Magazine December 31, 2019, Issue

Ukraine and Us

In the center of Ukraine’s capital (Jay Nordlinger)
A report from an anxious capital

Kyiv

Like you, perhaps, I grew up with “Kiev” — as in “chicken Kiev” and “The Great Gate of Kiev.” Here in the city itself, they want “Kyiv.” Why? Fussiness? An urge to be newfangled? No. “Kiev” derives from the Russian, and “Kyiv” from the Ukrainian. “Kyiv” is an expression, or an acknowledgement, of Ukrainian independence and nationhood.

“The,” too, is problematic — as in “the Ukraine.” That phrase suggests a region, not a nation. The first time I heard “Ukraine,” without a “the,” was in the mid 1980s. Robert Conquest, the great historian, had come to campus to talk about the Soviets’ “terror-famine” in the Ukraine, or Ukraine (1932–33). Many Ukrainians, he explained, insisted on no “the.”

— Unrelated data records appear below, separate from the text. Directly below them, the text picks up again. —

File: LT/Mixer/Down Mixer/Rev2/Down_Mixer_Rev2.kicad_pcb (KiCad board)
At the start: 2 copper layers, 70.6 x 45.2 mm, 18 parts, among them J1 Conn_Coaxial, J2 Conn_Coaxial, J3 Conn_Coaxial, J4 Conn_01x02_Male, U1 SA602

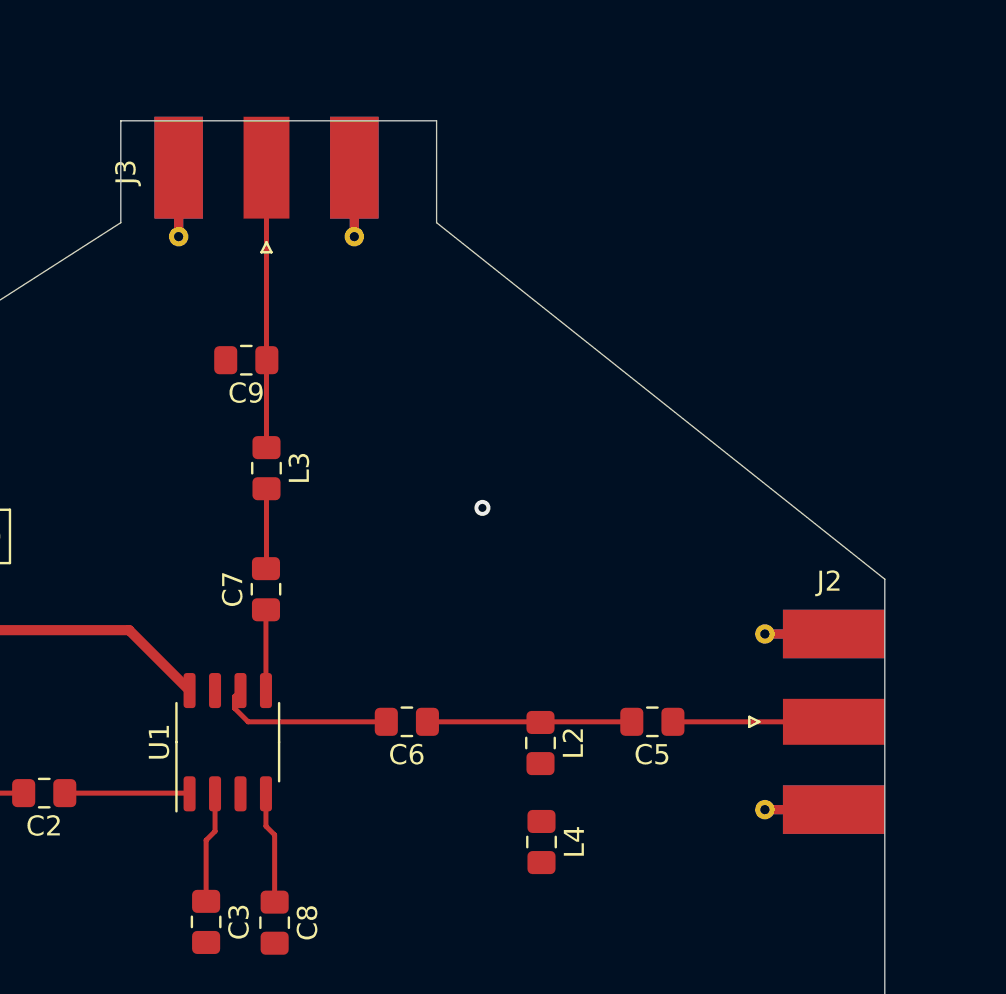
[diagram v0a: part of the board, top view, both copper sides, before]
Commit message: rotated inductor to reduce coupling
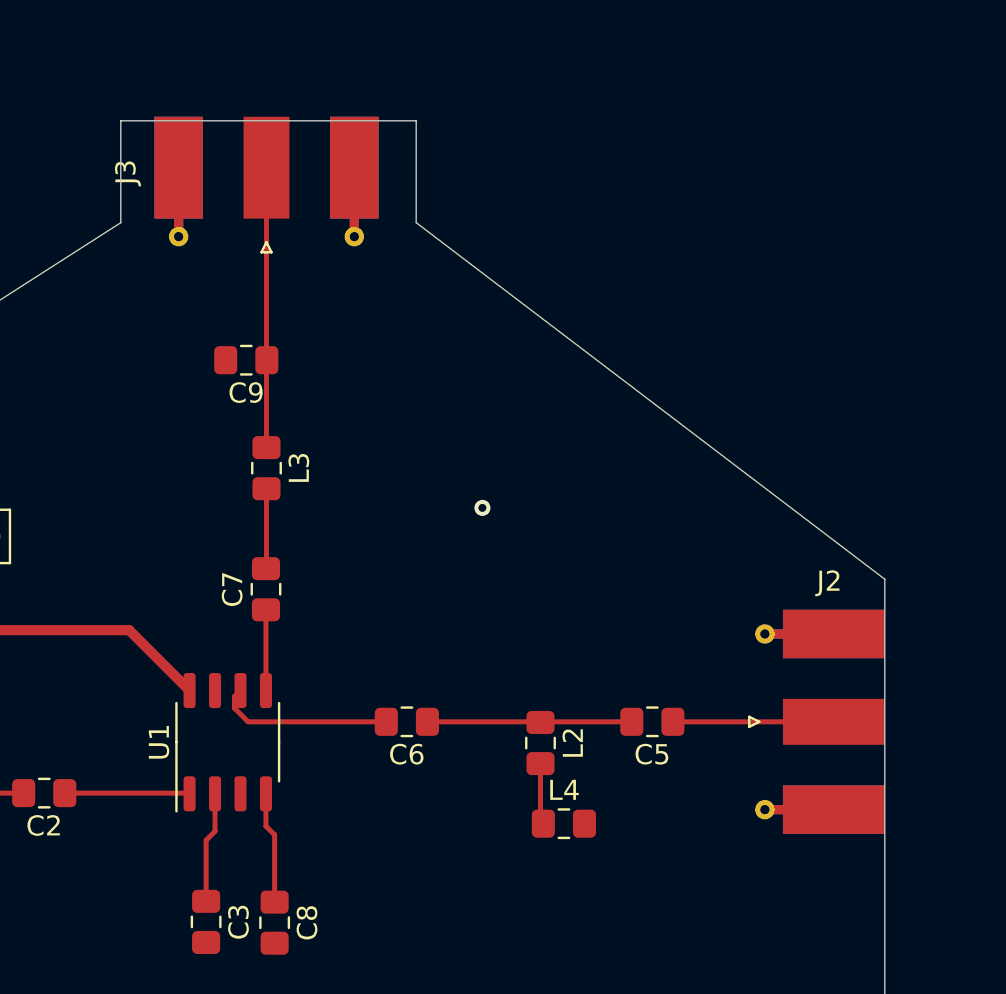
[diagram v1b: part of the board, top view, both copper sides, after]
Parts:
- moved L4 1.44 mm to (141.0, 86.4), turned to 0 degrees
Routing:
- net Net-(L2-Pad2): track 0.00 -> 2.91 mm
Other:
- outline, holes or cut-outs redrawn
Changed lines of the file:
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@@
     (thickness 1.6)
     (drawings 8)
-    (tracks 26)
+    (tracks 28)
     (zones 0)
     (modules 18)
@@
   )
   (module Inductor_SMD:L_0805_2012Metric_Pad1.15x1.40mm_HandSolder (layer F.Cu)
-    (at 139.8524 87.2744 270)
+    (at 140.97 86.36)
     (descr "Capacitor SMD 0805 (2012 Metric), square (rectangular) end terminal, IPC_7351 nominal with elongated pad for handsoldering. (Body size source: https://docs.google.com/spreadsheets/d/1BsfQQcO9C6DZCsRaXUlFlo91Tg2WpOkGARC1WS5S8t0/edit?usp=sharing), generated with kicad-footprint-generator")
     (tags "inductor handsolder")
     (attr smd)
-    (fp_text reference L4 (at 0 -1.65 90) (layer F.SilkS)
-      (effects (font (size 1 1) (thickness 0.15)))
-    )
-    (fp_text value 680n (at 0 1.65 90) (layer F.Fab)
-      (effects (font (size 1 1) (thickness 0.15)))
-    )
-    (fp_line (start -1 0.6) (end -1 -0.6) (layer F.Fab) (width 0.1))
-    (fp_line (start -1 -0.6) (end 1 -0.6) (layer F.Fab) (width 0.1))
-    (fp_line (start 1 -0.6) (end 1 0.6) (layer F.Fab) (width 0.1))
-    (fp_line (start 1 0.6) (end -1 0.6) (layer F.Fab) (width 0.1))
-    (fp_line (start -0.261252 -0.71) (end 0.261252 -0.71) (layer F.SilkS) (width 0.12))
-    (fp_line (start -0.261252 0.71) (end 0.261252 0.71) (layer F.SilkS) (width 0.12))
-    (fp_line (start -1.85 0.95) (end -1.85 -0.95) (layer F.CrtYd) (width 0.05))
-    (fp_line (start -1.85 -0.95) (end 1.85 -0.95) (layer F.CrtYd) (width 0.05))
-    (fp_line (start 1.85 -0.95) (end 1.85 0.95) (layer F.CrtYd) (width 0.05))
-    (fp_line (start 1.85 0.95) (end -1.85 0.95) (layer F.CrtYd) (width 0.05))
-    (fp_text user %R (at 0 0 90) (layer F.Fab)
-      (effects (font (size 0.5 0.5) (thickness 0.08)))
-    )
-    (pad 1 smd roundrect (at -1.025 0 270) (size 1.15 1.4) (layers F.Cu F.Paste F.Mask) (roundrect_rratio 0.217391)
+    (fp_text reference L4 (at 0 -1.65) (layer F.SilkS)
+      (effects (font (size 1 1) (thickness 0.15)))
+    )
+    (fp_text value 680n (at 0 1.65) (layer F.Fab)
+      (effects (font (size 1 1) (thickness 0.15)))
+    )
+    (fp_line (start -1 0.6) (end -1 -0.6) (layer F.Fab) (width 0.1))
+    (fp_line (start -1 -0.6) (end 1 -0.6) (layer F.Fab) (width 0.1))
+    (fp_line (start 1 -0.6) (end 1 0.6) (layer F.Fab) (width 0.1))
+    (fp_line (start 1 0.6) (end -1 0.6) (layer F.Fab) (width 0.1))
+    (fp_line (start -0.261252 -0.71) (end 0.261252 -0.71) (layer F.SilkS) (width 0.12))
+    (fp_line (start -0.261252 0.71) (end 0.261252 0.71) (layer F.SilkS) (width 0.12))
+    (fp_line (start -1.85 0.95) (end -1.85 -0.95) (layer F.CrtYd) (width 0.05))
+    (fp_line (start -1.85 -0.95) (end 1.85 -0.95) (layer F.CrtYd) (width 0.05))
+    (fp_line (start 1.85 -0.95) (end 1.85 0.95) (layer F.CrtYd) (width 0.05))
+    (fp_line (start 1.85 0.95) (end -1.85 0.95) (layer F.CrtYd) (width 0.05))
+    (fp_text user %R (at 0 0) (layer F.Fab)
+      (effects (font (size 0.5 0.5) (thickness 0.08)))
+    )
+    (pad 1 smd roundrect (at -1.025 0) (size 1.15 1.4) (layers F.Cu F.Paste F.Mask) (roundrect_rratio 0.217391)
       (net 14 "Net-(L2-Pad2)"))
-    (pad 2 smd roundrect (at 1.025 0 270) (size 1.15 1.4) (layers F.Cu F.Paste F.Mask) (roundrect_rratio 0.217391)
+    (pad 2 smd roundrect (at 1.025 0) (size 1.15 1.4) (layers F.Cu F.Paste F.Mask) (roundrect_rratio 0.217391)
       (net 2 GND))
     (model ${KISYS3DMOD}/Inductor_SMD.3dshapes/L_0805_2012Metric.wrl
@@
     )
   )
-  (gr_line (start 134.62 51.308) (end 134.62 56.388) (layer Edge.Cuts) (width 0.05))
-  (gr_line (start 118.872 51.308) (end 134.62 51.308) (layer Edge.Cuts) (width 0.05))
+  (gr_line (start 133.604 51.308) (end 133.604 56.388) (layer Edge.Cuts) (width 0.05))
+  (gr_line (start 118.872 51.308) (end 133.604 51.308) (layer Edge.Cuts) (width 0.05))
   (gr_line (start 118.872 56.388) (end 118.872 51.308) (layer Edge.Cuts) (width 0.05))
   (gr_line (start 156.972 74.168) (end 156.972 96.52) (layer Edge.Cuts) (width 0.05))
-  (gr_line (start 134.62 56.388) (end 156.972 74.168) (layer Edge.Cuts) (width 0.05))
+  (gr_line (start 133.604 56.388) (end 156.972 74.168) (layer Edge.Cuts) (width 0.05))
   (gr_line (start 86.36 77.216) (end 118.872 56.388) (layer Edge.Cuts) (width 0.05))
   (gr_line (start 86.36 96.52) (end 86.36 77.216) (layer Edge.Cuts) (width 0.05))
@@
   (segment (start 126.5428 86.9188) (end 126.111 86.487) (width 0.25) (layer F.Cu) (net 12))
   (segment (start 126.1364 53.6448) (end 126.1364 67.6058) (width 0.25) (layer F.Cu) (net 13))
+  (segment (start 139.8016 86.1986) (end 139.8524 86.2494) (width 0.25) (layer F.Cu) (net 14))
+  (segment (start 139.8016 83.3628) (end 139.8016 86.1986) (width 0.25) (layer F.Cu) (net 14))
   (zone (net 2) (net_name GND) (layer F.Cu) (hatch edge 0.508)
     (connect_pads yes (clearance 0.508))

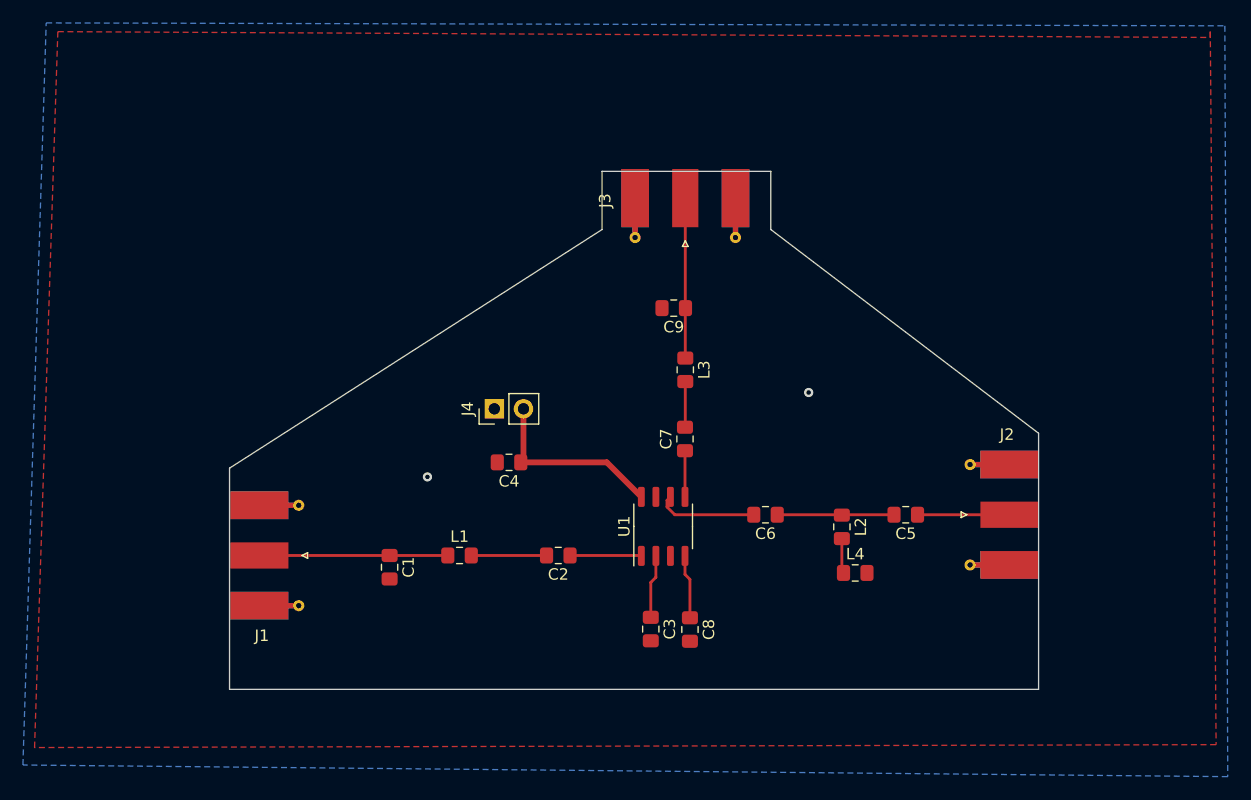
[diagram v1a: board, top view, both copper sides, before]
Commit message: swapped edge mount footprint. created gerber and drill files.
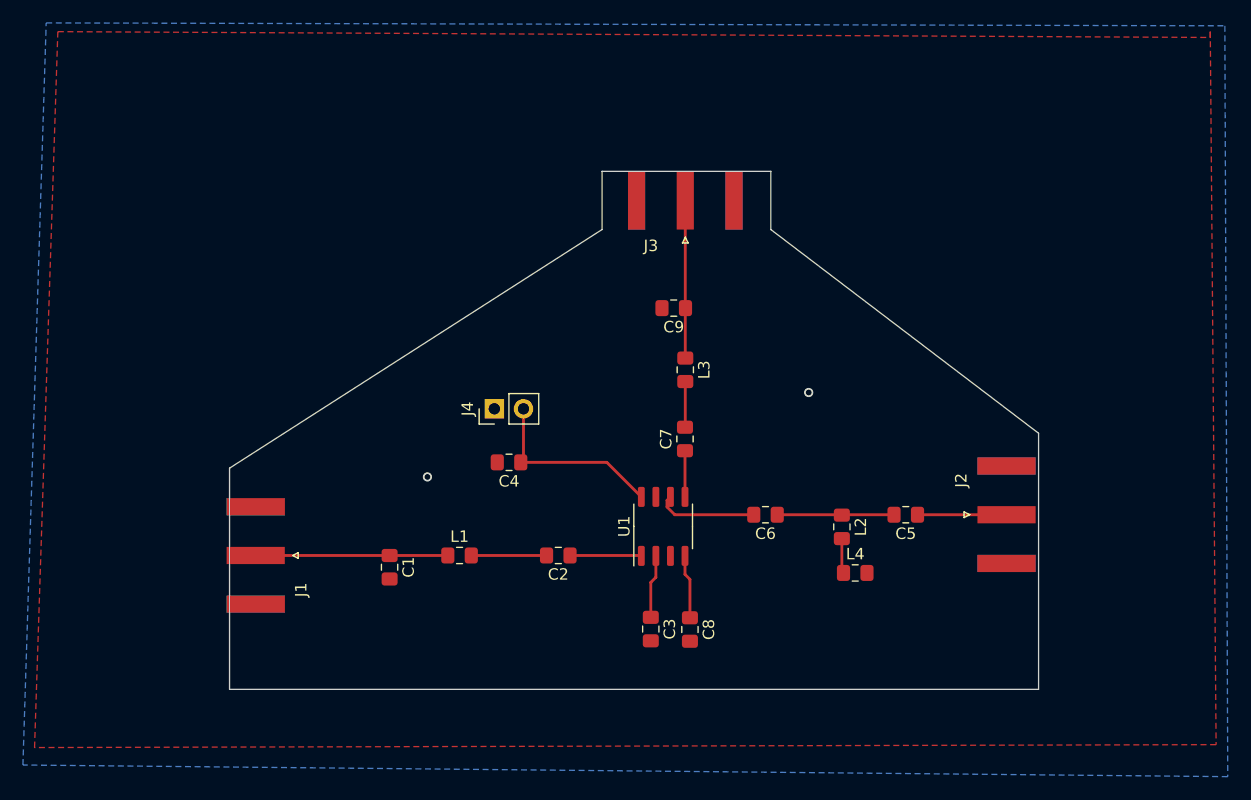
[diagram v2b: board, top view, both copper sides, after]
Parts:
- J1, J2, J3: footprint Connector_Coaxial:SMA_Molex_73251-1153_EdgeMount_Horizontal -> Connector_Coaxial:SMA_Amphenol_132289_EdgeMount
- moved J1 2.03 mm to (88.6, 84.8), turned to 180 degrees
- moved J3 1.52 mm to (126.1, 53.8), turned to 90 degrees
- moved J2 1.47 mm to (154.2, 81.3), turned to 0 degrees
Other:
- net class Default: clearance 0.2 -> 0.254; via_drill 0.4 -> 0.508
- rule trace_clearance: 0.2 -> 0.254

“Ukraine” sounded so weird to me. It would take me years to get used to it. I also had to get used to “Sudan,” having grown up with “the Sudan.” Once, Paul Johnson — another great British historian — sent us a piece at National Review in which he referred to “the Lebanon.” To him, it was perfectly natural.

Here in the capital — Kyiv, Ukraine — I see banners celebrating the 70th anniversary of NATO. Ukraine has been unsuccessful in its bid to join NATO, as it has been in its bid to join the EU. I think of a phrase: “on the outside, looking in.” In 2008, President George W. Bush came to this city to support Ukraine’s NATO bid. He said that the Kremlin should not enjoy veto power over the alliance and its membership.

There is another anniversary, too — a rather bitter one. This very day (December 5), it is the 25th anniversary of the Budapest Memorandum, signed by the United States, Great Britain, and, not least, Russia. One of the things the accord did was guarantee the independence and territorial integrity of Ukraine. That went up in smoke in 2014.

I have come to Kyiv to ask one question, primarily: What do Ukrainians, of various types, think about the political drama playing out in America? What do they think about their country’s place in the drama? President Trump appears on the verge of impeachment over his conduct toward the Ukrainian government.

“Toxic” is a word used by Myroslava Luzina, a wide-ranging intellectual here. The great danger for her country, she says, is that it will become “toxic” in American politics. The Ukrainian government has to be extremely careful in navigating these waters, she says. You don’t want to alienate the Republicans; you don’t want to alienate the Democrats. You have to have U.S. support, because your position in the world is precarious.

Vitaly Portnikov, a leading Ukrainian journalist, makes a stark statement: “I think the fact that Ukraine has found itself in the midst of an American domestic political squabble is a threat to our national interests.” Ukraine can ill afford to be a football in an American game, Republicans versus Democrats.

Some people here deny that Ukraine has any role at all in the American drama. “It’s your problem, your drama,” they say, indignant. “This is an American scandal, not ours.” They are certainly right, at one level. Yet Ukraine is featured, whether it wants to be or not. One prominent citizen says that people are simply “shocked” — shocked at Ukraine’s turn on the American stage.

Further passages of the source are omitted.